I've been after a wheel and constantly looking on the argos APP and you can now reserve it for Mon-thurs delivery next week.

£81, cant find it cheaper & cheaper than the used ebay madness!

I would only give £35-40 for a second hand one.

:driver::driver::driver:


----------



## Steve Burnett (Apr 21, 2009)

Do they have to be locked onto a desk or something?


----------



## zetec_paul (Oct 24, 2008)

I use mine on my kitchen table and it's exxelent.

I Suppose you could use it on your knee but might be difficult with the force feedback. Have a look on ebay there's a few fold away stands for them


----------



## Lloyd71 (Aug 21, 2008)

You really can't use it properly on anything but a really sturdy desk or table.

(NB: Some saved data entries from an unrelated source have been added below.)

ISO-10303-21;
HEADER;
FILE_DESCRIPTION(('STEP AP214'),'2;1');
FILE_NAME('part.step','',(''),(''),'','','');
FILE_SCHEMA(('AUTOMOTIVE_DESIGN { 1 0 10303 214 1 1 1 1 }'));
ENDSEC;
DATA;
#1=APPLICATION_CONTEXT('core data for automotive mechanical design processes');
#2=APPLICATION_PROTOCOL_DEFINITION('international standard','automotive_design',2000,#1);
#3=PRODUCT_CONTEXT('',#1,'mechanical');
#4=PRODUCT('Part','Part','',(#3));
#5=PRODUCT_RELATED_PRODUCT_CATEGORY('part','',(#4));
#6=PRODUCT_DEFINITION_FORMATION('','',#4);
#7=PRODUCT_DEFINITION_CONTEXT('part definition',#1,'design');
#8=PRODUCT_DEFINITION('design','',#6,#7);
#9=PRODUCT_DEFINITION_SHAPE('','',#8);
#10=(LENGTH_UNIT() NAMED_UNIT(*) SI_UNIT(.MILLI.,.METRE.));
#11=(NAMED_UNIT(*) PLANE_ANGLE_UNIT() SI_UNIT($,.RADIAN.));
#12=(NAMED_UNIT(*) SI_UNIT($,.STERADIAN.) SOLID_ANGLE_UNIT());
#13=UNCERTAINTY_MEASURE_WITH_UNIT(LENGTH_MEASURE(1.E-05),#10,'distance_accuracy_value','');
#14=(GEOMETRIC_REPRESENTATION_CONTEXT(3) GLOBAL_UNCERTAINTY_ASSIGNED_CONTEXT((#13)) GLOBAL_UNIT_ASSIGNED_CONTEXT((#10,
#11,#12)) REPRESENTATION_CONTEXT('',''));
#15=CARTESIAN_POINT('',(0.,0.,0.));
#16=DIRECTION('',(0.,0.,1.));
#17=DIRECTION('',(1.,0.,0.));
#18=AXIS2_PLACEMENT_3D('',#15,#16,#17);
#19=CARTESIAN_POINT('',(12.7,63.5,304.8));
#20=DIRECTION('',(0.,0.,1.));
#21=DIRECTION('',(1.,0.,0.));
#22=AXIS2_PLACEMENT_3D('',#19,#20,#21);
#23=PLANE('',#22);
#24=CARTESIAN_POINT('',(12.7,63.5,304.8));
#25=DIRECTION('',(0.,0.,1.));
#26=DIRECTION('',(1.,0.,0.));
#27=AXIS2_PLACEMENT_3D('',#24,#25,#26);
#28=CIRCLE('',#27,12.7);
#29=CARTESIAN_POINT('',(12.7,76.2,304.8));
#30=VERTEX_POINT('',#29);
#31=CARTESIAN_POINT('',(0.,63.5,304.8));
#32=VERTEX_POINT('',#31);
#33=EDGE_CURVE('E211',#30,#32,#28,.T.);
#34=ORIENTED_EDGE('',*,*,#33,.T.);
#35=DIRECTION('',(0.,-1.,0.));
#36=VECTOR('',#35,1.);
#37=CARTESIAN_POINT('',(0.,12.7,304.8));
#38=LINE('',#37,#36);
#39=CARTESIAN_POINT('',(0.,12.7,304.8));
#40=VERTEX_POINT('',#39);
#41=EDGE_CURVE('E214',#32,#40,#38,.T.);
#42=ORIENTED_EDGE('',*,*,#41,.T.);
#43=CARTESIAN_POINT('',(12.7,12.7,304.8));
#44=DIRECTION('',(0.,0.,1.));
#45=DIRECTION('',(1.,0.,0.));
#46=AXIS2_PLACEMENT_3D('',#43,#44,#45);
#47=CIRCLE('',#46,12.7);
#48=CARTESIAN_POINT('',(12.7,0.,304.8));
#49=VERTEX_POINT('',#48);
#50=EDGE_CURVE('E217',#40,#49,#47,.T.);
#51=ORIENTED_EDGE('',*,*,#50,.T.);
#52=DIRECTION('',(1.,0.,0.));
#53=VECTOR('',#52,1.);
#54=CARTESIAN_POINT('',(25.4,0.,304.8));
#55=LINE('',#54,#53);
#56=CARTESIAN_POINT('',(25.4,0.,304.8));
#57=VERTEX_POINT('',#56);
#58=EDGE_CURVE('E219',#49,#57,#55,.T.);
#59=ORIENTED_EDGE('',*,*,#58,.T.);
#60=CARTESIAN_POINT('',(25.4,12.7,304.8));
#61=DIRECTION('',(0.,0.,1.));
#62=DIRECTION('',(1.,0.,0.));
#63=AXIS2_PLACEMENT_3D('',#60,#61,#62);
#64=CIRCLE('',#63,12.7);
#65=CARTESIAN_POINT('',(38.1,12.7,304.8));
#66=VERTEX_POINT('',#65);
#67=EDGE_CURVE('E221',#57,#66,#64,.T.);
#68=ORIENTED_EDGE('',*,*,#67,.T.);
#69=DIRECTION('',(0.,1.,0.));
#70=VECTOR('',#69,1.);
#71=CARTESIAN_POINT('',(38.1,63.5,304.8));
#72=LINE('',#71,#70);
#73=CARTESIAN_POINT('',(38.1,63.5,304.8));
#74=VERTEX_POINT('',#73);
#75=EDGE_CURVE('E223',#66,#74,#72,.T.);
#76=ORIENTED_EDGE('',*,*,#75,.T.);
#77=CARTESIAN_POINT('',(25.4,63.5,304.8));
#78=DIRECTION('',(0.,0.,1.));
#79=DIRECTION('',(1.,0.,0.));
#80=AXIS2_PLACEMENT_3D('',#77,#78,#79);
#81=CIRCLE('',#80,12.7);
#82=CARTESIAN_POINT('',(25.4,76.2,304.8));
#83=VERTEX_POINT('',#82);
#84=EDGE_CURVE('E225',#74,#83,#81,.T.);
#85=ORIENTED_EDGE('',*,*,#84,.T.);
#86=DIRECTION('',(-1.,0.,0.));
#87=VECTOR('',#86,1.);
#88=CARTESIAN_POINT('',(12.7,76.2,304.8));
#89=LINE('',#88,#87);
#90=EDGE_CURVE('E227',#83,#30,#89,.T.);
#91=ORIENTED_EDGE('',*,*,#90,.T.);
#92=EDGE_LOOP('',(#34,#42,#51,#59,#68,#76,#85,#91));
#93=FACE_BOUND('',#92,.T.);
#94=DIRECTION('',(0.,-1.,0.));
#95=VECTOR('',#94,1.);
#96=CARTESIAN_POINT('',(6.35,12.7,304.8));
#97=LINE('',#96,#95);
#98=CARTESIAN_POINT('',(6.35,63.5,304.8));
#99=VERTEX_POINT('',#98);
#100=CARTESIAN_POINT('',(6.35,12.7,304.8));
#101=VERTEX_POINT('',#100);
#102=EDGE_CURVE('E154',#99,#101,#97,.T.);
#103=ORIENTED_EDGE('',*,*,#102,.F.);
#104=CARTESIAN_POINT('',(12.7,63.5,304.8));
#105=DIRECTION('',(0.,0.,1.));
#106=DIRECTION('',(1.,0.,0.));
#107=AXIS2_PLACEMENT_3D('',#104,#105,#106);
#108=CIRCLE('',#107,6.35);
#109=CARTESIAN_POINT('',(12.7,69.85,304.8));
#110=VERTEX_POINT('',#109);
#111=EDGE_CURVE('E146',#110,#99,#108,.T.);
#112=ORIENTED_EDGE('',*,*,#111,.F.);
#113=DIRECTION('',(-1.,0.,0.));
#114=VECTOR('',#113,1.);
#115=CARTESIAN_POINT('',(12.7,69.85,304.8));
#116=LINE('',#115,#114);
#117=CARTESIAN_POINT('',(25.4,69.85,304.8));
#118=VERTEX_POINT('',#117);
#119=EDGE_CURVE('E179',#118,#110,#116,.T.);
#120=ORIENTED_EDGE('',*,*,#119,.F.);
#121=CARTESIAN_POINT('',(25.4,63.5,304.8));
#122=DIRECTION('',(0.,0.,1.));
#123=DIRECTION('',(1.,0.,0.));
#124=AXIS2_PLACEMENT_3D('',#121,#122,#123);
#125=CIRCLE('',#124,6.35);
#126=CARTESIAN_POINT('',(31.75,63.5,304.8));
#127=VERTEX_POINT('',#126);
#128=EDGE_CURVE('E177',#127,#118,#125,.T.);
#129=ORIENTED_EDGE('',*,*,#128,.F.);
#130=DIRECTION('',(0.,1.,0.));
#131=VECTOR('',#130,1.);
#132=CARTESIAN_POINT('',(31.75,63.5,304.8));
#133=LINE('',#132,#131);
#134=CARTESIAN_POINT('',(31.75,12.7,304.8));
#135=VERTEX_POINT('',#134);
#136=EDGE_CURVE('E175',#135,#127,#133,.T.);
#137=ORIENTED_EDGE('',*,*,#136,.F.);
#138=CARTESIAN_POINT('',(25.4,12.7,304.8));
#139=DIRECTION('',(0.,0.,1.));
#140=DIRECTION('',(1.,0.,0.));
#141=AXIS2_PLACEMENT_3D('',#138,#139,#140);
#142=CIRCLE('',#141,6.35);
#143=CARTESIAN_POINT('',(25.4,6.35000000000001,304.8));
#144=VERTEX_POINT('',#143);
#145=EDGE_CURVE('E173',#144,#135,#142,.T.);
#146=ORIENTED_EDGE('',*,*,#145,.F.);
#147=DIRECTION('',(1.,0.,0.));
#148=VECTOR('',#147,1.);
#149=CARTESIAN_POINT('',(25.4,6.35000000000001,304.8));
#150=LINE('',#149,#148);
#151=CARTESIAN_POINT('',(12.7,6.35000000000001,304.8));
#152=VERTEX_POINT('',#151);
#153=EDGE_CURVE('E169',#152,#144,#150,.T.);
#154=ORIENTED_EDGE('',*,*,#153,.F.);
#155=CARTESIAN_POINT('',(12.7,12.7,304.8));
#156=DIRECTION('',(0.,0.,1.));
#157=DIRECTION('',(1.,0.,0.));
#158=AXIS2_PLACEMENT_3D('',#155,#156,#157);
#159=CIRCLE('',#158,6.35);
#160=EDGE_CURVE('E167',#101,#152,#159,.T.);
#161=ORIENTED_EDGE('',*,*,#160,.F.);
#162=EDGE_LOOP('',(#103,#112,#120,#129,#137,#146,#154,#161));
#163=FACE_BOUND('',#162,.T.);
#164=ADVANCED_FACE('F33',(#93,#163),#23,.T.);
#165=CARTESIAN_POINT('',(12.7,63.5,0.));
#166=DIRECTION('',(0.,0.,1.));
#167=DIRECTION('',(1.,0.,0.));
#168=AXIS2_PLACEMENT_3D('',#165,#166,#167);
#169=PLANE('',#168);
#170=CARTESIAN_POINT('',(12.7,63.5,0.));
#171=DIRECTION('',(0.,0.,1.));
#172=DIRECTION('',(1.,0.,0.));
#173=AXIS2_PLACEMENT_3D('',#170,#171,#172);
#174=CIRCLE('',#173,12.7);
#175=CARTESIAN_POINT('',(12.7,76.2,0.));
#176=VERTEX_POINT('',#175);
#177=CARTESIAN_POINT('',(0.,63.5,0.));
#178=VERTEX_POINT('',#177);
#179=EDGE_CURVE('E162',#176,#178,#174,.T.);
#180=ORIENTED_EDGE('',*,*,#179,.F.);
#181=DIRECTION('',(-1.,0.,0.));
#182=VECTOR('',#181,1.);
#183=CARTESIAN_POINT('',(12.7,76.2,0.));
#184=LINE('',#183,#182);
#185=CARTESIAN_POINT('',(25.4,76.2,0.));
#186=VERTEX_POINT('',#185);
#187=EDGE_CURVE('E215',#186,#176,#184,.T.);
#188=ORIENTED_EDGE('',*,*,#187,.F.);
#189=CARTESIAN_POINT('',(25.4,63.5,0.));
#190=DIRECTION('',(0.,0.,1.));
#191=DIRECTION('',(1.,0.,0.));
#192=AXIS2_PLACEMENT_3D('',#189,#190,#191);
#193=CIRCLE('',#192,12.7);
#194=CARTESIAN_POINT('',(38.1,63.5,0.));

If anyone wants one, keep an eye on the For Sale section soon


----------



## Griff.. (Dec 18, 2010)

Me if the price it right


----------



## Bungleaio (Jul 18, 2010)

I just sold mine on ebay, I couldn't believe what they are fetching, I accepted an offer to deal off ebay for £100. I bought it for £80 a couple of weeks before christmas from argos for something to do over the holiday.

I made up a frame from 3x2 timber studs and it was very sturdy. It certainly adds a lot to the game over using a controller.


----------



## Storry (Jun 8, 2008)

I had one for a while, though couldn't get use to it at all and went back to the controller. Sent it back to Argos for a full refund.


----------



## Lloyd71 (Aug 21, 2008)

I got my Logitech Driving Force Pro set up again recently, it completely transforms GT5! The AMG Driving Academy thing in the wet is awesome with a wheel


----------



## tmitch45 (Jul 29, 2006)

IS the wheel back in stock anywhere. I'm waiting for when they come back in at GAME.


----------



## tmitch45 (Jul 29, 2006)

No stock in my local Argos or Game, does anyone know where they are available (not for stupid money though) or when they are due back in stock?


----------



## Shared (Mar 9, 2009)

Bought mine from Scan just before Xmas, and g/f paid £110 for it, they're expecting stock 15th Feb, now £113 Inc Vat, but AVForums members get free delivery.

http://www.scan.co.uk/products/logitech-gt-wheel-inc-gas-and-brake-pedals-for-ps3-and-pc


----------